3. Scrape **Market Events Calendar** (url : https://finance.yahoo.com/calendar) :<br> 
    This page is showing **date-wise market events**, user have option to select the date and choose any one of the following market event **Earnings**, **Stock Splits**, **Economic Events** & **IPO**. Our aim is to create script which can be run for any single date and market event which grabs the data and load it in `CSV` format. If there is no data found then just create file with column headers.<br>
    



**Prerequisites**
* Knowledge of Python
* Basic knowledge of HTML although it is not necessary


**How to run the Code**<br>
You can execute the code using "Run" button on the top of this page and selecting **"Run on Colab"** or **"Run Locally"** 
<br>
<br>
**Setup and Tools**<br>
<u>Run on Colab :</u> 
    You will need to provide the Google login to run this notebook on Colab.<br>
<u>Run Locally :</u> Download and install [Anaconda](https://www.anaconda.com/) framework, We will be using Jupyter Notebook for writing the & executing code



**Code Re-usability & Version control**

You can make changes and save your version of the notebook to [Jovian](https://jovian.ai/) by executing following cells.

In [None]:
!pip install jovian --upgrade --quiet

In [None]:
import jovian

In [None]:
# Execute this to save new versions of the notebook
jovian.commit(project="yahoo-finance-web-scraper")

## <u>1. Scrape Stock Market News</u>

In this section we will learn basic Python web scraping technique using `requests`, `BeautifulSoup` and `HTML tags`. The objective here is to perform web scraping of [Yahoo! finance Stock Market News](https://finance.yahoo.com/topic/stock-market-news/)

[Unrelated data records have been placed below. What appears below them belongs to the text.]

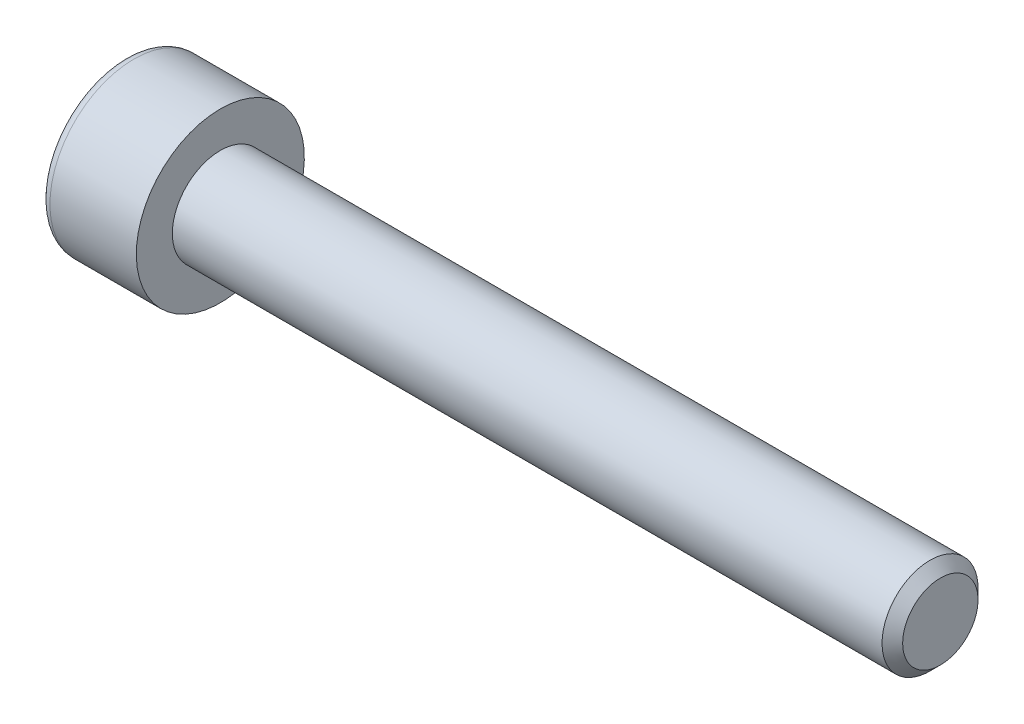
ISO-10303-21;
HEADER;
FILE_DESCRIPTION(('STEP AP214'),'2;1');
FILE_NAME('part.step','',(''),(''),'','','');
FILE_SCHEMA(('AUTOMOTIVE_DESIGN { 1 0 10303 214 1 1 1 1 }'));
ENDSEC;
DATA;
#1=APPLICATION_CONTEXT('core data for automotive mechanical design processes');
#2=APPLICATION_PROTOCOL_DEFINITION('international standard','automotive_design',2000,#1);
#3=PRODUCT_CONTEXT('',#1,'mechanical');
#4=PRODUCT('Part','Part','',(#3));
#5=PRODUCT_RELATED_PRODUCT_CATEGORY('part','',(#4));
#6=PRODUCT_DEFINITION_FORMATION('','',#4);
#7=PRODUCT_DEFINITION_CONTEXT('part definition',#1,'design');
#8=PRODUCT_DEFINITION('design','',#6,#7);
#9=PRODUCT_DEFINITION_SHAPE('','',#8);
#10=(LENGTH_UNIT() NAMED_UNIT(*) SI_UNIT(.MILLI.,.METRE.));
#11=(NAMED_UNIT(*) PLANE_ANGLE_UNIT() SI_UNIT($,.RADIAN.));
#12=(NAMED_UNIT(*) SI_UNIT($,.STERADIAN.) SOLID_ANGLE_UNIT());
#13=UNCERTAINTY_MEASURE_WITH_UNIT(LENGTH_MEASURE(1.E-05),#10,'distance_accuracy_value','');
#14=(GEOMETRIC_REPRESENTATION_CONTEXT(3) GLOBAL_UNCERTAINTY_ASSIGNED_CONTEXT((#13)) GLOBAL_UNIT_ASSIGNED_CONTEXT((#10,
#11,#12)) REPRESENTATION_CONTEXT('',''));
#15=CARTESIAN_POINT('',(0.,0.,0.));
#16=DIRECTION('',(0.,0.,1.));
#17=DIRECTION('',(1.,0.,0.));
#18=AXIS2_PLACEMENT_3D('',#15,#16,#17);
#19=CARTESIAN_POINT('',(-3.99999999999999,-1.5,0.866025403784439));
#20=DIRECTION('',(0.,-0.5,0.866025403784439));
#21=DIRECTION('',(0.,-0.866025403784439,-0.5));
#22=AXIS2_PLACEMENT_3D('',#19,#20,#21);
#23=PLANE('',#22);
#24=DIRECTION('',(1.,0.,0.));
#25=VECTOR('',#24,1.);
#26=CARTESIAN_POINT('',(-3.99999999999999,-1.5,0.866025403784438));
#27=LINE('',#26,#25);
#28=CARTESIAN_POINT('',(-1.99999998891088,-1.49999996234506,0.866025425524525));
#29=VERTEX_POINT('',#28);
#30=CARTESIAN_POINT('',(-3.99999999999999,-1.5,0.866025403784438));
#31=VERTEX_POINT('',#30);
#32=EDGE_CURVE('E79',#29,#31,#27,.F.);
#33=ORIENTED_EDGE('',*,*,#32,.T.);
#34=DIRECTION('',(0.,-0.866025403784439,-0.5));
#35=VECTOR('',#34,1.);
#36=CARTESIAN_POINT('',(-3.99999999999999,-1.5,0.866025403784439));
#37=LINE('',#36,#35);
#38=CARTESIAN_POINT('',(-3.99999999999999,0.,1.73205080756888));
#39=VERTEX_POINT('',#38);
#40=EDGE_CURVE('E91',#39,#31,#37,.T.);
#41=ORIENTED_EDGE('',*,*,#40,.F.);
#42=DIRECTION('',(1.,0.,0.));
#43=VECTOR('',#42,1.);
#44=CARTESIAN_POINT('',(-3.99999999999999,0.,1.73205080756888));
#45=LINE('',#44,#43);
#46=CARTESIAN_POINT('',(-1.99999999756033,1.17065811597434E-08,1.73205080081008));
#47=VERTEX_POINT('',#46);
#48=EDGE_CURVE('E74',#39,#47,#45,.T.);
#49=ORIENTED_EDGE('',*,*,#48,.T.);
#50=CARTESIAN_POINT('',(-2.00000000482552,-1.69656679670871E-08,1.7320507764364));
#51=CARTESIAN_POINT('',(-1.97802165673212,-0.065915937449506,1.6939942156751));
#52=CARTESIAN_POINT('',(-1.95803350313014,-0.132400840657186,1.65560914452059));
#53=CARTESIAN_POINT('',(-1.92314478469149,-0.266521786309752,1.5781743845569));
#54=CARTESIAN_POINT('',(-1.90825656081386,-0.334160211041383,1.53912332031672));
#55=CARTESIAN_POINT('',(-1.88508196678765,-0.468598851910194,1.46150513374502));
#56=CARTESIAN_POINT('',(-1.87664133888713,-0.535378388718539,1.42294995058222));
#57=CARTESIAN_POINT('',(-1.86656687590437,-0.66925151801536,1.34565826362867));
#58=CARTESIAN_POINT('',(-1.86492469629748,-0.736344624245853,1.30692204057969));
#59=CARTESIAN_POINT('',(-1.86834972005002,-0.861700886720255,1.2345475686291));
#60=CARTESIAN_POINT('',(-1.87257596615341,-0.919982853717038,1.20089845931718));
#61=CARTESIAN_POINT('',(-1.88596797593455,-1.03616709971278,1.1338194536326));
#62=CARTESIAN_POINT('',(-1.89513830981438,-1.09406897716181,1.10038978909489));
#63=CARTESIAN_POINT('',(-1.91806236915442,-1.21049257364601,1.03317259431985));
#64=CARTESIAN_POINT('',(-1.93191322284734,-1.26899956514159,0.999393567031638));
#65=CARTESIAN_POINT('',(-1.9633488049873,-1.38514116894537,0.932339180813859));
#66=CARTESIAN_POINT('',(-1.98092615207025,-1.44277726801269,0.899062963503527));
#67=CARTESIAN_POINT('',(-1.99999997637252,-1.49999992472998,0.866025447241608));
#68=B_SPLINE_CURVE_WITH_KNOTS('',3,(#50,#51,#52,#53,#54,#55,#56,#57,#58,#59,#60,#61,#62,#63,#64,
#65,#66,#67),.UNSPECIFIED.,.F.,.F.,(4,2,2,2,2,2,2,2,4),(0.,0.237762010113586,0.476095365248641,
0.708530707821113,0.940680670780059,1.14278081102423,1.34506808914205,1.55184112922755,
1.75820836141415),.UNSPECIFIED.);
#69=EDGE_CURVE('E20',#47,#29,#68,.T.);
#70=ORIENTED_EDGE('',*,*,#69,.T.);
#71=EDGE_LOOP('',(#33,#41,#49,#70));
#72=FACE_BOUND('',#71,.T.);
#73=ADVANCED_FACE('F16',(#72),#23,.F.);
#74=CARTESIAN_POINT('',(-3.99999999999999,-1.5,-0.866025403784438));
#75=DIRECTION('',(0.,-1.,0.));
#76=DIRECTION('',(0.,0.,-1.));
#77=AXIS2_PLACEMENT_3D('',#74,#75,#76);
#78=PLANE('',#77);
#79=DIRECTION('',(1.,0.,0.));
#80=VECTOR('',#79,1.);
#81=CARTESIAN_POINT('',(-3.99999999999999,-1.5,-0.866025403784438));
#82=LINE('',#81,#80);
#83=CARTESIAN_POINT('',(-1.99999998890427,-1.5,-0.866025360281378));
#84=VERTEX_POINT('',#83);
#85=CARTESIAN_POINT('',(-3.99999999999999,-1.5,-0.866025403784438));
#86=VERTEX_POINT('',#85);
#87=EDGE_CURVE('E218',#84,#86,#82,.F.);
#88=ORIENTED_EDGE('',*,*,#87,.T.);
#89=DIRECTION('',(0.,0.,-1.));
#90=VECTOR('',#89,1.);
#91=CARTESIAN_POINT('',(-3.99999999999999,-1.5,-0.866025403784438));
#92=LINE('',#91,#90);
#93=EDGE_CURVE('E90',#31,#86,#92,.T.);
#94=ORIENTED_EDGE('',*,*,#93,.F.);
#95=ORIENTED_EDGE('',*,*,#32,.F.);
#96=CARTESIAN_POINT('',(-2.00000003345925,-1.49999996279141,0.866025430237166));
#97=CARTESIAN_POINT('',(-1.97802167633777,-1.49999998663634,0.789912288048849));
#98=CARTESIAN_POINT('',(-1.95803351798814,-1.49999999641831,0.713142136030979));
#99=CARTESIAN_POINT('',(-1.92314479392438,-1.50000000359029,0.558272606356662));
#100=CARTESIAN_POINT('',(-1.90825656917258,-1.50000000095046,0.480170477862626));
#101=CARTESIAN_POINT('',(-1.88508197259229,-1.49999999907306,0.324934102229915));
#102=CARTESIAN_POINT('',(-1.87664134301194,-1.49999999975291,0.247823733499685));
#103=CARTESIAN_POINT('',(-1.86656687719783,-1.50000000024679,0.0932403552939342));
#104=CARTESIAN_POINT('',(-1.86492469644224,-1.50000000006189,0.0157679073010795));
#105=CARTESIAN_POINT('',(-1.86834971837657,-1.49999999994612,-0.128981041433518));
#106=CARTESIAN_POINT('',(-1.8725759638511,-1.49999999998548,-0.19627926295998));
#107=CARTESIAN_POINT('',(-1.88596797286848,-1.50000000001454,-0.330437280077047));
#108=CARTESIAN_POINT('',(-1.89513830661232,-1.50000000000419,-0.397296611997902));
#109=CARTESIAN_POINT('',(-1.91806236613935,-1.49999999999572,-0.531731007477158));
#110=CARTESIAN_POINT('',(-1.93191322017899,-1.49999999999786,-0.599289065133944));
#111=CARTESIAN_POINT('',(-1.96334880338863,-1.50000000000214,-0.733397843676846));
#112=CARTESIAN_POINT('',(-1.98092615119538,-1.50000000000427,-0.799950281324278));
#113=CARTESIAN_POINT('',(-1.9999999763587,-1.5,-0.866025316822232));
#114=B_SPLINE_CURVE_WITH_KNOTS('',3,(#96,#97,#98,#99,#100,#101,#102,#103,#104,#105,#106,#107,
#108,#109,#110,#111,#112,#113),.UNSPECIFIED.,.F.,.F.,(4,2,2,2,2,2,2,2,4),(0.,0.237762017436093,
0.476095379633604,0.708530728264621,0.940680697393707,1.14278084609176,1.34506813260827,
1.55184118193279,1.75820842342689),.UNSPECIFIED.);
#115=EDGE_CURVE('E84',#29,#84,#114,.T.);
#116=ORIENTED_EDGE('',*,*,#115,.T.);
#117=EDGE_LOOP('',(#88,#94,#95,#116));
#118=FACE_BOUND('',#117,.T.);
#119=ADVANCED_FACE('F88',(#118),#78,.F.);
#120=CARTESIAN_POINT('',(-3.99999999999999,0.,1.73205080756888));
#121=DIRECTION('',(0.,0.500000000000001,0.866025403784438));
#122=DIRECTION('',(0.,-0.866025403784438,0.500000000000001));
#123=AXIS2_PLACEMENT_3D('',#120,#121,#122);
#124=PLANE('',#123);
#125=ORIENTED_EDGE('',*,*,#48,.F.);
#126=DIRECTION('',(0.,-0.866025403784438,0.500000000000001));
#127=VECTOR('',#126,1.);
#128=CARTESIAN_POINT('',(-3.99999999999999,0.,1.73205080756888));
#129=LINE('',#128,#127);
#130=CARTESIAN_POINT('',(-3.99999999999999,1.5,0.866025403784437));
#131=VERTEX_POINT('',#130);
#132=EDGE_CURVE('E221',#131,#39,#129,.T.);
#133=ORIENTED_EDGE('',*,*,#132,.F.);
#134=DIRECTION('',(1.,0.,0.));
#135=VECTOR('',#134,1.);
#136=CARTESIAN_POINT('',(-3.99999999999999,1.5,0.866025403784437));
#137=LINE('',#136,#135);
#138=CARTESIAN_POINT('',(-1.99999998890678,1.5,0.866025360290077));
#139=VERTEX_POINT('',#138);
#140=EDGE_CURVE('E85',#131,#139,#137,.T.);
#141=ORIENTED_EDGE('',*,*,#140,.T.);
#142=CARTESIAN_POINT('',(-2.00000003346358,1.5000000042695,0.866025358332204));
#143=CARTESIAN_POINT('',(-1.97802167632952,1.43408410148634,0.904081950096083));
#144=CARTESIAN_POINT('',(-1.95803351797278,1.36759920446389,0.942467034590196));
#145=CARTESIAN_POINT('',(-1.92314479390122,1.23347826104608,1.01990180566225));
#146=CARTESIAN_POINT('',(-1.90825656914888,1.16583983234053,1.05895286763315));
#147=CARTESIAN_POINT('',(-1.88508197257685,1.03140118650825,1.13657105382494));
#148=CARTESIAN_POINT('',(-1.87664134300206,0.964621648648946,1.1751262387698));
#149=CARTESIAN_POINT('',(-1.86656687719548,0.830748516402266,1.25241792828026));
#150=CARTESIAN_POINT('',(-1.86492469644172,0.763655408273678,1.29115415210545));
#151=CARTESIAN_POINT('',(-1.86834971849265,0.638299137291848,1.36352862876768));
#152=CARTESIAN_POINT('',(-1.87257596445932,0.580017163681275,1.39717774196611));
#153=CARTESIAN_POINT('',(-1.8859679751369,0.463832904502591,1.46425675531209));
#154=CARTESIAN_POINT('',(-1.8951383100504,0.405931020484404,1.49768642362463));
#155=CARTESIAN_POINT('',(-1.91806237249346,0.289507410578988,1.56490362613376));
#156=CARTESIAN_POINT('',(-1.93191322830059,0.231000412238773,1.59868265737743));
#157=CARTESIAN_POINT('',(-1.96334881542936,0.114858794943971,1.66573705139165));
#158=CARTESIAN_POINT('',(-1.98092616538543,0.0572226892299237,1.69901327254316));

![](https://i.imgur.com/1I0Btau.jpg)

Lets kick start with the first objective. Here's an outline of the steps we'll follow<br>
**1.1 Download & Parse webpage using `requests` and `BeautifulSoup`**<br>
**1.2 Exploring and locating Elements**<br>
**1.3 Extract & Compile the information into python list**<br>
**1.4 Save the extracted information to a CSV file**<br>


### 1.1 Download & Parse webpage using requests and BeautifulSoup

First step is to install [`requests`](https://docs.python-requests.org/en/latest/) & [`beautifulsoup4`](https://www.crummy.com/software/BeautifulSoup/bs4/doc/) Libraries using `pip`.

In [None]:
!pip install requests --upgrade --quiet
!pip install beautifulsoup4 --upgrade --quiet

In [None]:
import requests
from bs4 import BeautifulSoup

The library is now installed and imported.<br>

To download the page, we can use `requests.get`, which returns a response object. the HTML information of web page is captured in `response.text`.<br>
`response.ok` & [`response.status_code`](https://developer.mozilla.org/en-US/docs/Web/HTTP/Status) can be used for error trapping &  tracking.<br> 
Finally we can use `BeautifulSoup` to parse the HTML data, this will return `bs4.BeautifulSoup` object  

Lets create a function to perform this step 

In [None]:
def get_page(url):
    """Download a webpage and return a beautiful soup doc"""
    response = requests.get(url)
    if not response.ok:
        print('Status code:', response.status_code)
        raise Exception('Failed to load page {}'.format(url))
    doc = BeautifulSoup(response.text, 'html.parser')
    return doc

calling function `get_page` and analyze the output.

In [None]:
my_url = 'https://finance.yahoo.com/topic/stock-market-news/' 
doc = get_page(my_url)

In [None]:
print('Type of doc: ',type(doc))

You can access different properties of HTML web page from doc, following example will display Title of the web page.  

In [None]:
doc.find('title')

**Summary** : We can now use the function `get_page` to download any web page and parse it using beautiful soup.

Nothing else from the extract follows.